| EXERCISE DETAILS |
After reading the data below, copy out every line that contains the word "name".

[Stored entries]

******

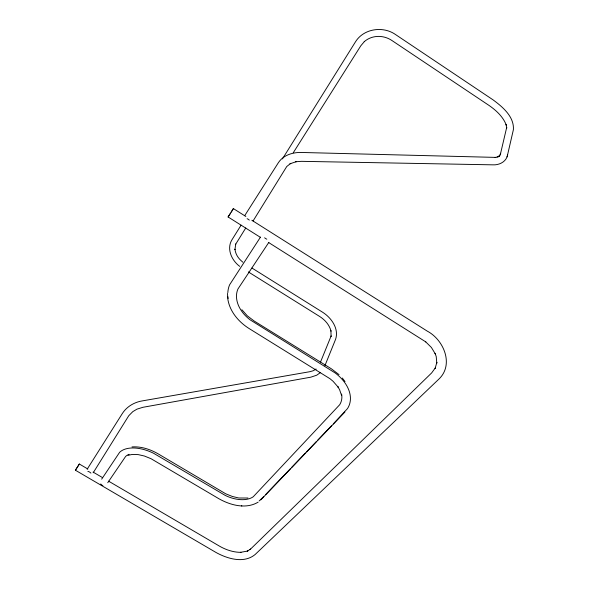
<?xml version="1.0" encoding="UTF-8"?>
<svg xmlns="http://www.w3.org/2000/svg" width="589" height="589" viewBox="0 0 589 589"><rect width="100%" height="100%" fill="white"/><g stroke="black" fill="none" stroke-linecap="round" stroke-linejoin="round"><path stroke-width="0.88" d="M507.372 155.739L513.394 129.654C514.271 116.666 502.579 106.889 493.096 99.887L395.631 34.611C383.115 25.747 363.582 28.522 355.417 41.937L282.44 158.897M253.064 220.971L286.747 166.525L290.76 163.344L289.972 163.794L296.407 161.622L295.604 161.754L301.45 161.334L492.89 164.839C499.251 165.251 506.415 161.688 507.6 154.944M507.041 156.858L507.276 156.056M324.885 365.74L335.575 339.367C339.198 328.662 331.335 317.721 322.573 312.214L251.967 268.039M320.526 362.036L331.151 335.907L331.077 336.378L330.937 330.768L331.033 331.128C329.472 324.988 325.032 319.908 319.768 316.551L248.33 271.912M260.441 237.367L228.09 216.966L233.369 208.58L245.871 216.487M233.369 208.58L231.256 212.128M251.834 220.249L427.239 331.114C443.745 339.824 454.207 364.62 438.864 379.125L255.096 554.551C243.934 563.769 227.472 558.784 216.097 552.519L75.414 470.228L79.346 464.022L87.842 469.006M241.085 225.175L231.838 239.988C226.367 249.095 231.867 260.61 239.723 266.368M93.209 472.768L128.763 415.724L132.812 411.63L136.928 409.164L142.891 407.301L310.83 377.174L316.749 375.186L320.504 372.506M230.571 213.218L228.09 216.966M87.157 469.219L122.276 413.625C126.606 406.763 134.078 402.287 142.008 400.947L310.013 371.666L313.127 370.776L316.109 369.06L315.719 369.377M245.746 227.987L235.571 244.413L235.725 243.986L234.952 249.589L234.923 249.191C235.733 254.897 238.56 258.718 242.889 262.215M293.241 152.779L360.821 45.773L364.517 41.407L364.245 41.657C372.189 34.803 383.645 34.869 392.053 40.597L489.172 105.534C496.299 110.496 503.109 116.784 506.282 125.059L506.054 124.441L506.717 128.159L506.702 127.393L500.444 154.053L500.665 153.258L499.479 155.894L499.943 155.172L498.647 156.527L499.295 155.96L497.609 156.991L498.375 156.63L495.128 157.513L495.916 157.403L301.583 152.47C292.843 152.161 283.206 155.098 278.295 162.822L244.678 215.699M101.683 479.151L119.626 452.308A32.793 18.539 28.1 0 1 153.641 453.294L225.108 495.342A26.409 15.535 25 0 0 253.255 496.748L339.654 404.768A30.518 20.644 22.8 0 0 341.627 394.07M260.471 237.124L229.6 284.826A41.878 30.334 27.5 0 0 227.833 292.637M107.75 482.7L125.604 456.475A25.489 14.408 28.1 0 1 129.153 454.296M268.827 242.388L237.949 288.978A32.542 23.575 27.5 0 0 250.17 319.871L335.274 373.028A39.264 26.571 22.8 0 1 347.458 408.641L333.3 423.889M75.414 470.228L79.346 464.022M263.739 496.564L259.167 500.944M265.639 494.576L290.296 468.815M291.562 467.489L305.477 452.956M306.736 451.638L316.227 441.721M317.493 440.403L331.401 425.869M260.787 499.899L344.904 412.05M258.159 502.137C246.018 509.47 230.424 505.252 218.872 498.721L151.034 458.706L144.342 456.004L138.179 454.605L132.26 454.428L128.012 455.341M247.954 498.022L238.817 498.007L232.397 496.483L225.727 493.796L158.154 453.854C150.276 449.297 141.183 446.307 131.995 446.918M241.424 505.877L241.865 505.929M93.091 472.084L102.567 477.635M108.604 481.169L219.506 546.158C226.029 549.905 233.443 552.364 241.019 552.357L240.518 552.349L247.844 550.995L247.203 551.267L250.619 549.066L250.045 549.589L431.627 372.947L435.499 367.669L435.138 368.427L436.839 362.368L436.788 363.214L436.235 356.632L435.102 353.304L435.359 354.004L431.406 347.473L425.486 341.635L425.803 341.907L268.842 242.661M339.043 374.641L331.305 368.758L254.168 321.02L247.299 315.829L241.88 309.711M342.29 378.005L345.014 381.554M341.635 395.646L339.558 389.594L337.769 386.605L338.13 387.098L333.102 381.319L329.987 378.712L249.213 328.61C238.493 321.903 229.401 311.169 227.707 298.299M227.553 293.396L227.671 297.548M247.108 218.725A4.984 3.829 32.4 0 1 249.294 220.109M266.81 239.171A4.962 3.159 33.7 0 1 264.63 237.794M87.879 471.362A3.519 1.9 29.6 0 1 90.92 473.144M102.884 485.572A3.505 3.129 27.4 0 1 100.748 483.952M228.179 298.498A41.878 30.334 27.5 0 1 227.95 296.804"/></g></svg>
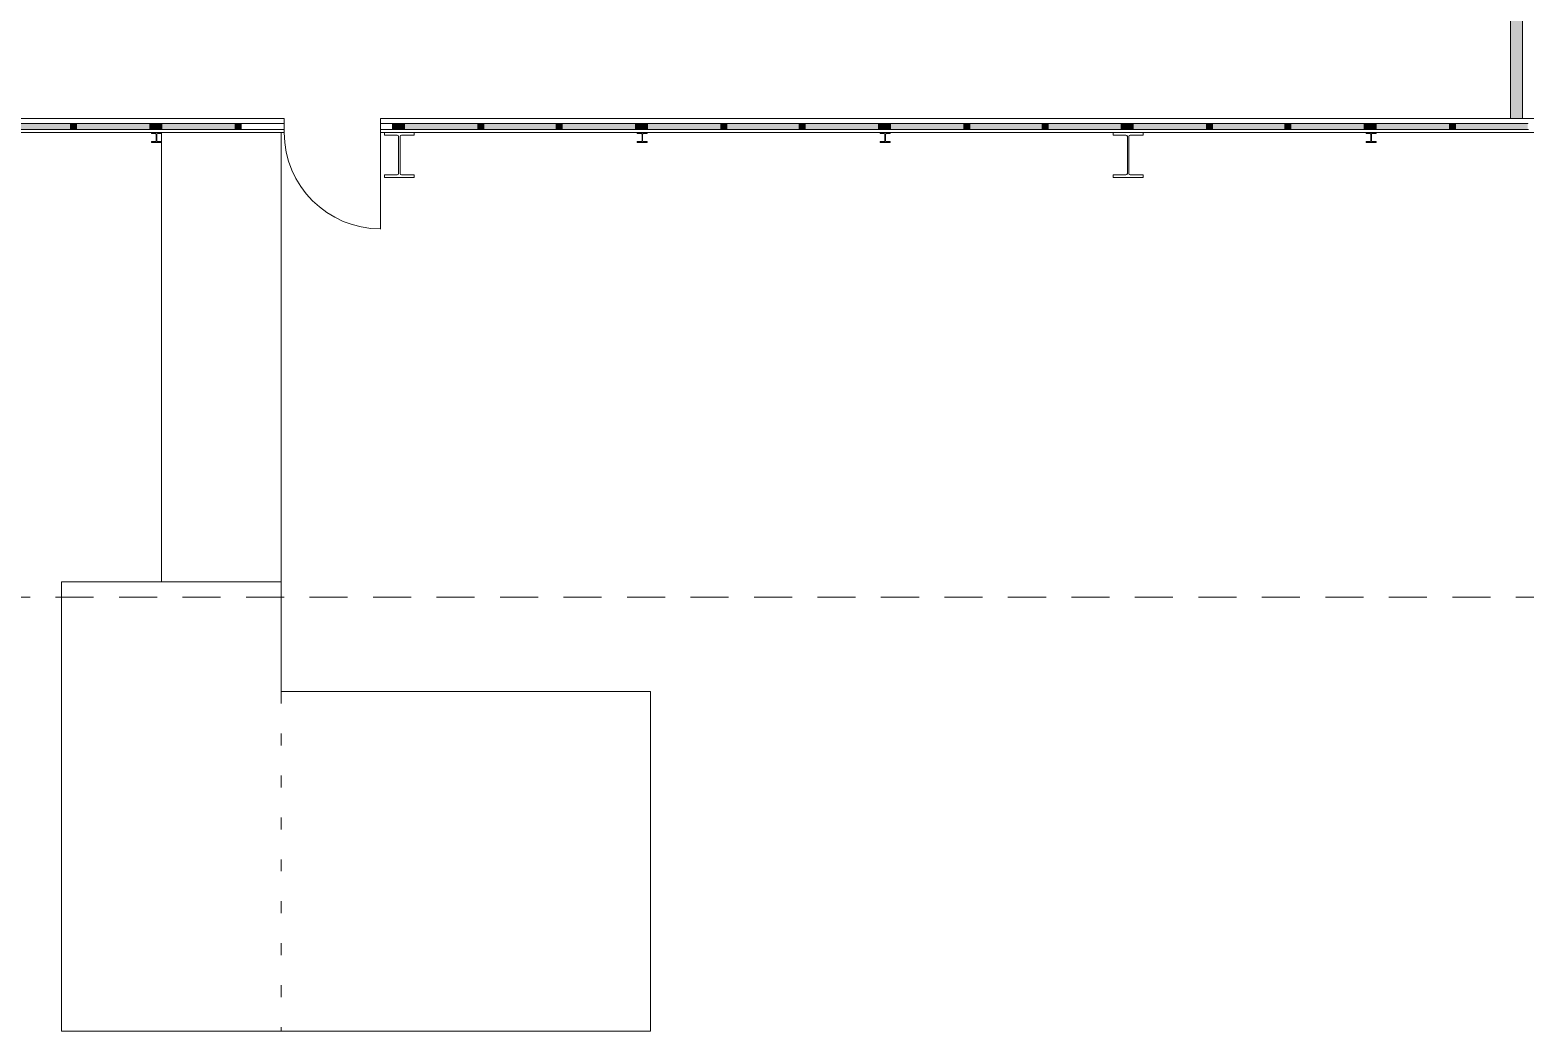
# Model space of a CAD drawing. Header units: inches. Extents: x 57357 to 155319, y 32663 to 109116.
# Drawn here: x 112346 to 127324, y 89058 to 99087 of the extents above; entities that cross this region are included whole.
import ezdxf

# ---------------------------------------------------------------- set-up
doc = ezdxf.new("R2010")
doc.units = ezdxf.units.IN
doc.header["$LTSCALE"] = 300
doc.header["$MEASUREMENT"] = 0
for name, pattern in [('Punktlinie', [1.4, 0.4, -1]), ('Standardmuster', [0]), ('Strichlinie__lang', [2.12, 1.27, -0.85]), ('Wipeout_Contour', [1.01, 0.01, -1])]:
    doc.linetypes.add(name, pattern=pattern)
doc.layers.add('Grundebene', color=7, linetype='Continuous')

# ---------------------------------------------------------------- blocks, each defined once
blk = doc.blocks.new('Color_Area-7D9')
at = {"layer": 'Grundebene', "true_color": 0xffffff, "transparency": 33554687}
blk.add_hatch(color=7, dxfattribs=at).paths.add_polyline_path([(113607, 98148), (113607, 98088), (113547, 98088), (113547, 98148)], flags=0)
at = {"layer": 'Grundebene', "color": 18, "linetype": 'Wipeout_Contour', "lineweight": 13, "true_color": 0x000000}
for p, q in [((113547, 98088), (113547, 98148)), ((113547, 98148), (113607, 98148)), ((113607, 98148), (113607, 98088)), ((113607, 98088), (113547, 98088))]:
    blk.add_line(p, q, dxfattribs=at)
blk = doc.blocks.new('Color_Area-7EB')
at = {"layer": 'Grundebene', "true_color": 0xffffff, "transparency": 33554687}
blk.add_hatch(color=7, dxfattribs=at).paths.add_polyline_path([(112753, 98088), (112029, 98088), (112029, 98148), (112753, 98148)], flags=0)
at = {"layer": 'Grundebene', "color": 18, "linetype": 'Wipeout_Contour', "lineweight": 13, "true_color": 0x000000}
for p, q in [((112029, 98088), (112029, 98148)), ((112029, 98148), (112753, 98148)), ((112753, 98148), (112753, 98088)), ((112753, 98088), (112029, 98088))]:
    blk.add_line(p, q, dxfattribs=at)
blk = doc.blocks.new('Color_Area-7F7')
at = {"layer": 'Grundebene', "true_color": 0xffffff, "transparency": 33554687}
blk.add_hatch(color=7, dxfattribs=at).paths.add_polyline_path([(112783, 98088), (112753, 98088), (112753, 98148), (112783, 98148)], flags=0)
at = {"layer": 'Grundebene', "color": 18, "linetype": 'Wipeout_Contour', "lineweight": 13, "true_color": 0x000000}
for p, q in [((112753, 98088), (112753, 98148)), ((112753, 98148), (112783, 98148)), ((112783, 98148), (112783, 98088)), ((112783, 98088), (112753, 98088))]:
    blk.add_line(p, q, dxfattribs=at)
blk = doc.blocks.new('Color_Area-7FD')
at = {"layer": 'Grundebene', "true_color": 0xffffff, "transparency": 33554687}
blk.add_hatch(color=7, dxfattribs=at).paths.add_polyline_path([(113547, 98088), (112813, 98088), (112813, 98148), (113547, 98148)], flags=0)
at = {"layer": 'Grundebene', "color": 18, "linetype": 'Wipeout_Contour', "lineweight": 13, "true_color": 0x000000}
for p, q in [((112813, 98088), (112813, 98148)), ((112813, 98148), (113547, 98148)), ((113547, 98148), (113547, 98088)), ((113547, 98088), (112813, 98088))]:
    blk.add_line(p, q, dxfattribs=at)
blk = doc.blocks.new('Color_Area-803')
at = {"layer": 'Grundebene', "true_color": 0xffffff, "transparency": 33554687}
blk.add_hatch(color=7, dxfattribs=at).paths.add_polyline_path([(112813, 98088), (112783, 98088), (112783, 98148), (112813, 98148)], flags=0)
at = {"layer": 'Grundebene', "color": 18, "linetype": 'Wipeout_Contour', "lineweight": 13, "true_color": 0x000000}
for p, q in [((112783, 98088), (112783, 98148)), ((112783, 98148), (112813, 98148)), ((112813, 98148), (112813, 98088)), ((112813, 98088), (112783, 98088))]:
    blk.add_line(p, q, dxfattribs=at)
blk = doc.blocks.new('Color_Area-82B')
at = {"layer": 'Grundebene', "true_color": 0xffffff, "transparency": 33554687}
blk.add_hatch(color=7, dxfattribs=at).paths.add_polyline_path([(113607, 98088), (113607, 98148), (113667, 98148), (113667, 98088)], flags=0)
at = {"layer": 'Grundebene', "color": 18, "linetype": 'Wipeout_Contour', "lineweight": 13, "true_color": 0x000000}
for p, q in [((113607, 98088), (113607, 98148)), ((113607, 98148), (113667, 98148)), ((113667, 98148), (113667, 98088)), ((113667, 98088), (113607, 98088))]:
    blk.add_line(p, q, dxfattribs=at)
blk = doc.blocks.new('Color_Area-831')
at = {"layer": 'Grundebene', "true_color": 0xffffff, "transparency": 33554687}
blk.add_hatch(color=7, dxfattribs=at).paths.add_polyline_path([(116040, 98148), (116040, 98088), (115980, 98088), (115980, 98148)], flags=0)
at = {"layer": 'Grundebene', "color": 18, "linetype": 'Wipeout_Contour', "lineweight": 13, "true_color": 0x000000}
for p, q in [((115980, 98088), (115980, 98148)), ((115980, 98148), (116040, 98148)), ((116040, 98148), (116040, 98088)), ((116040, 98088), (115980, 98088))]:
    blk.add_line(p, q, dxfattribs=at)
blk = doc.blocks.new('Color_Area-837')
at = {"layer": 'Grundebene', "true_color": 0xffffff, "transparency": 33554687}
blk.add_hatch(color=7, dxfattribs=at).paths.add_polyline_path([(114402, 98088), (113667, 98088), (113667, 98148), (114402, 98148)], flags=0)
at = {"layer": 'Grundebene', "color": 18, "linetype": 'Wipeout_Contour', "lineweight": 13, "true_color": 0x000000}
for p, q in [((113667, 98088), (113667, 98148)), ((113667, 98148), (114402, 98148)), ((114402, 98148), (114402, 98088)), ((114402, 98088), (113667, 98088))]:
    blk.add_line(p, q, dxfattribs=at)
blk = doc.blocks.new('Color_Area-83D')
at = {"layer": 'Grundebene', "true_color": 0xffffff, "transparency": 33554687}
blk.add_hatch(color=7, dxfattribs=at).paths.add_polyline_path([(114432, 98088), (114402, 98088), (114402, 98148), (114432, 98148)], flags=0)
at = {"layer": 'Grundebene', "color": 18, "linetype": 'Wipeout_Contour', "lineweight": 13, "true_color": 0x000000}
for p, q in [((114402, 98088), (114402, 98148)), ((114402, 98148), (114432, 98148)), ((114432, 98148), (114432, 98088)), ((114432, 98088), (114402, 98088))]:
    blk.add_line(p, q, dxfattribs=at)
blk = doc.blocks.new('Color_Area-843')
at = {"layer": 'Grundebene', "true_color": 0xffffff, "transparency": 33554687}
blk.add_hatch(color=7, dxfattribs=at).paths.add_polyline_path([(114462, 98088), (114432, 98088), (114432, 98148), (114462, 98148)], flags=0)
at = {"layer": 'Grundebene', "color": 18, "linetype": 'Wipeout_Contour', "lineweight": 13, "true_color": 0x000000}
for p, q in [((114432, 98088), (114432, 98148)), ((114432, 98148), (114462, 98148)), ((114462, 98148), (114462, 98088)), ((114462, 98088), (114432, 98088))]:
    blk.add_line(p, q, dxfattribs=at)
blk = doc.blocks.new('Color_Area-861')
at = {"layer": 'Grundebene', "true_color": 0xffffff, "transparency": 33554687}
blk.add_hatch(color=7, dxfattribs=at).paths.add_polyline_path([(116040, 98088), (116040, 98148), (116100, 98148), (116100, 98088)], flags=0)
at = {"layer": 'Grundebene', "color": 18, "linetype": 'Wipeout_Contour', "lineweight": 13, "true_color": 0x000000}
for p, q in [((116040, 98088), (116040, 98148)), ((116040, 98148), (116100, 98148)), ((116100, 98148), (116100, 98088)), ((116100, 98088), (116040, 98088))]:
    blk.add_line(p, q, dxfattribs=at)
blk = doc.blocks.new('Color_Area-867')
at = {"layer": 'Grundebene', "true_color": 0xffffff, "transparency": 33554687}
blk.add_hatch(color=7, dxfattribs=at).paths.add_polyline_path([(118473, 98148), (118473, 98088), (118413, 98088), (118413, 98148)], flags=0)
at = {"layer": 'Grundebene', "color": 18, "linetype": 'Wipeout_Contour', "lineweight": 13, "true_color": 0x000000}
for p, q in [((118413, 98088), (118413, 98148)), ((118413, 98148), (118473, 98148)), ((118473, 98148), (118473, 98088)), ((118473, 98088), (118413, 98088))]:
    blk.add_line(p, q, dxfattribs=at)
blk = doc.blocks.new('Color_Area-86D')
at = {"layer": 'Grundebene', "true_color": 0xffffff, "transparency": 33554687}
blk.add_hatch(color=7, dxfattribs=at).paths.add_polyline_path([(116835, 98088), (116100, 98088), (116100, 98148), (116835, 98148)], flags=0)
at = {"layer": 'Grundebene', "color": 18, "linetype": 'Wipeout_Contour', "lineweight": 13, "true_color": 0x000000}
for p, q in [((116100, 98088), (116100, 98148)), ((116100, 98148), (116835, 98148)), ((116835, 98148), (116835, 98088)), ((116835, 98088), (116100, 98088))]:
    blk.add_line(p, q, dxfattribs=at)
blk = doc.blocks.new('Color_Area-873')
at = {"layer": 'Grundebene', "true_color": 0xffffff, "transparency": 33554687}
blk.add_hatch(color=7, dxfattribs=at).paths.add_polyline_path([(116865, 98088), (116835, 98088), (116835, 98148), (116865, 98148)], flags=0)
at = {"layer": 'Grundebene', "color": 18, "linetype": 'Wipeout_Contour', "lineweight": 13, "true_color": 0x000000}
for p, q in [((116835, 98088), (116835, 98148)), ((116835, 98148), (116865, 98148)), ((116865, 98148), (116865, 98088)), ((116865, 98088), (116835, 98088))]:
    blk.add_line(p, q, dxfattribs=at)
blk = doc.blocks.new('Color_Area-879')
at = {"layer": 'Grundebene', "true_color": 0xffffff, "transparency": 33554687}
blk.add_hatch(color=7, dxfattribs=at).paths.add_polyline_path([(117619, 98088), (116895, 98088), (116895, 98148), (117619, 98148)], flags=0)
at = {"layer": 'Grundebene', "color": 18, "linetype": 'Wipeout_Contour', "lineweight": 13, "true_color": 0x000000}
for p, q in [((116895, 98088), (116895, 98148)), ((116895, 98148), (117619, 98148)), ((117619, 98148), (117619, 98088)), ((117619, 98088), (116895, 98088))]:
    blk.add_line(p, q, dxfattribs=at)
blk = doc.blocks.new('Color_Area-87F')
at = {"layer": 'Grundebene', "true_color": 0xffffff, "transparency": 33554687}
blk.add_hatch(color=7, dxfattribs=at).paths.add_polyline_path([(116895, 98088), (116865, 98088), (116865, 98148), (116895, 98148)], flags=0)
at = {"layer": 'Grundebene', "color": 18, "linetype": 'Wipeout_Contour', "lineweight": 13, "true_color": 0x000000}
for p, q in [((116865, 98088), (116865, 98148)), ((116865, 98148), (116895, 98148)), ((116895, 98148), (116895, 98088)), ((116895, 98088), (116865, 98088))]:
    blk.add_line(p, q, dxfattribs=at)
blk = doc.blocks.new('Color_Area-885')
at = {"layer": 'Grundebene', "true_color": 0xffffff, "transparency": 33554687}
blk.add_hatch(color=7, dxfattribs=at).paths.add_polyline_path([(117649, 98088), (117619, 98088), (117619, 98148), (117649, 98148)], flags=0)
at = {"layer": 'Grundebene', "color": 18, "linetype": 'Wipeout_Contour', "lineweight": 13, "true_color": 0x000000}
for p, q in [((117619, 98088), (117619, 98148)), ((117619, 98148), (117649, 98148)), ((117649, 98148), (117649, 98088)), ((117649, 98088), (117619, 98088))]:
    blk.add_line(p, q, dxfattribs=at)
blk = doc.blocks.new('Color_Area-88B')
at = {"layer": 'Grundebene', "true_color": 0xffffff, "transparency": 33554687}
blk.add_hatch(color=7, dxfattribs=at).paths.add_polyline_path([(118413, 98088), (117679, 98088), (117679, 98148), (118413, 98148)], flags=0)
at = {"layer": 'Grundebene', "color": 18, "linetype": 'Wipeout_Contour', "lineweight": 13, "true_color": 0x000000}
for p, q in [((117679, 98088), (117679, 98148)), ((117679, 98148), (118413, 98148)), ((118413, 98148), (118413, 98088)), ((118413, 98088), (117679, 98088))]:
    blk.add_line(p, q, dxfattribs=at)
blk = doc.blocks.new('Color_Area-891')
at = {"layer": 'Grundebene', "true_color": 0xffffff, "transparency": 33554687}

******

| SOLUTION TO THIS EXERCISE |
for name, pattern in [('Punktlinie', [1.4, 0.4, -1]), ('Standardmuster', [0]), ('Strichlinie__lang', [2.12, 1.27, -0.85]), ('Wipeout_Contour', [1.01, 0.01, -1])]:
    doc.linetypes.add(name, pattern=pattern)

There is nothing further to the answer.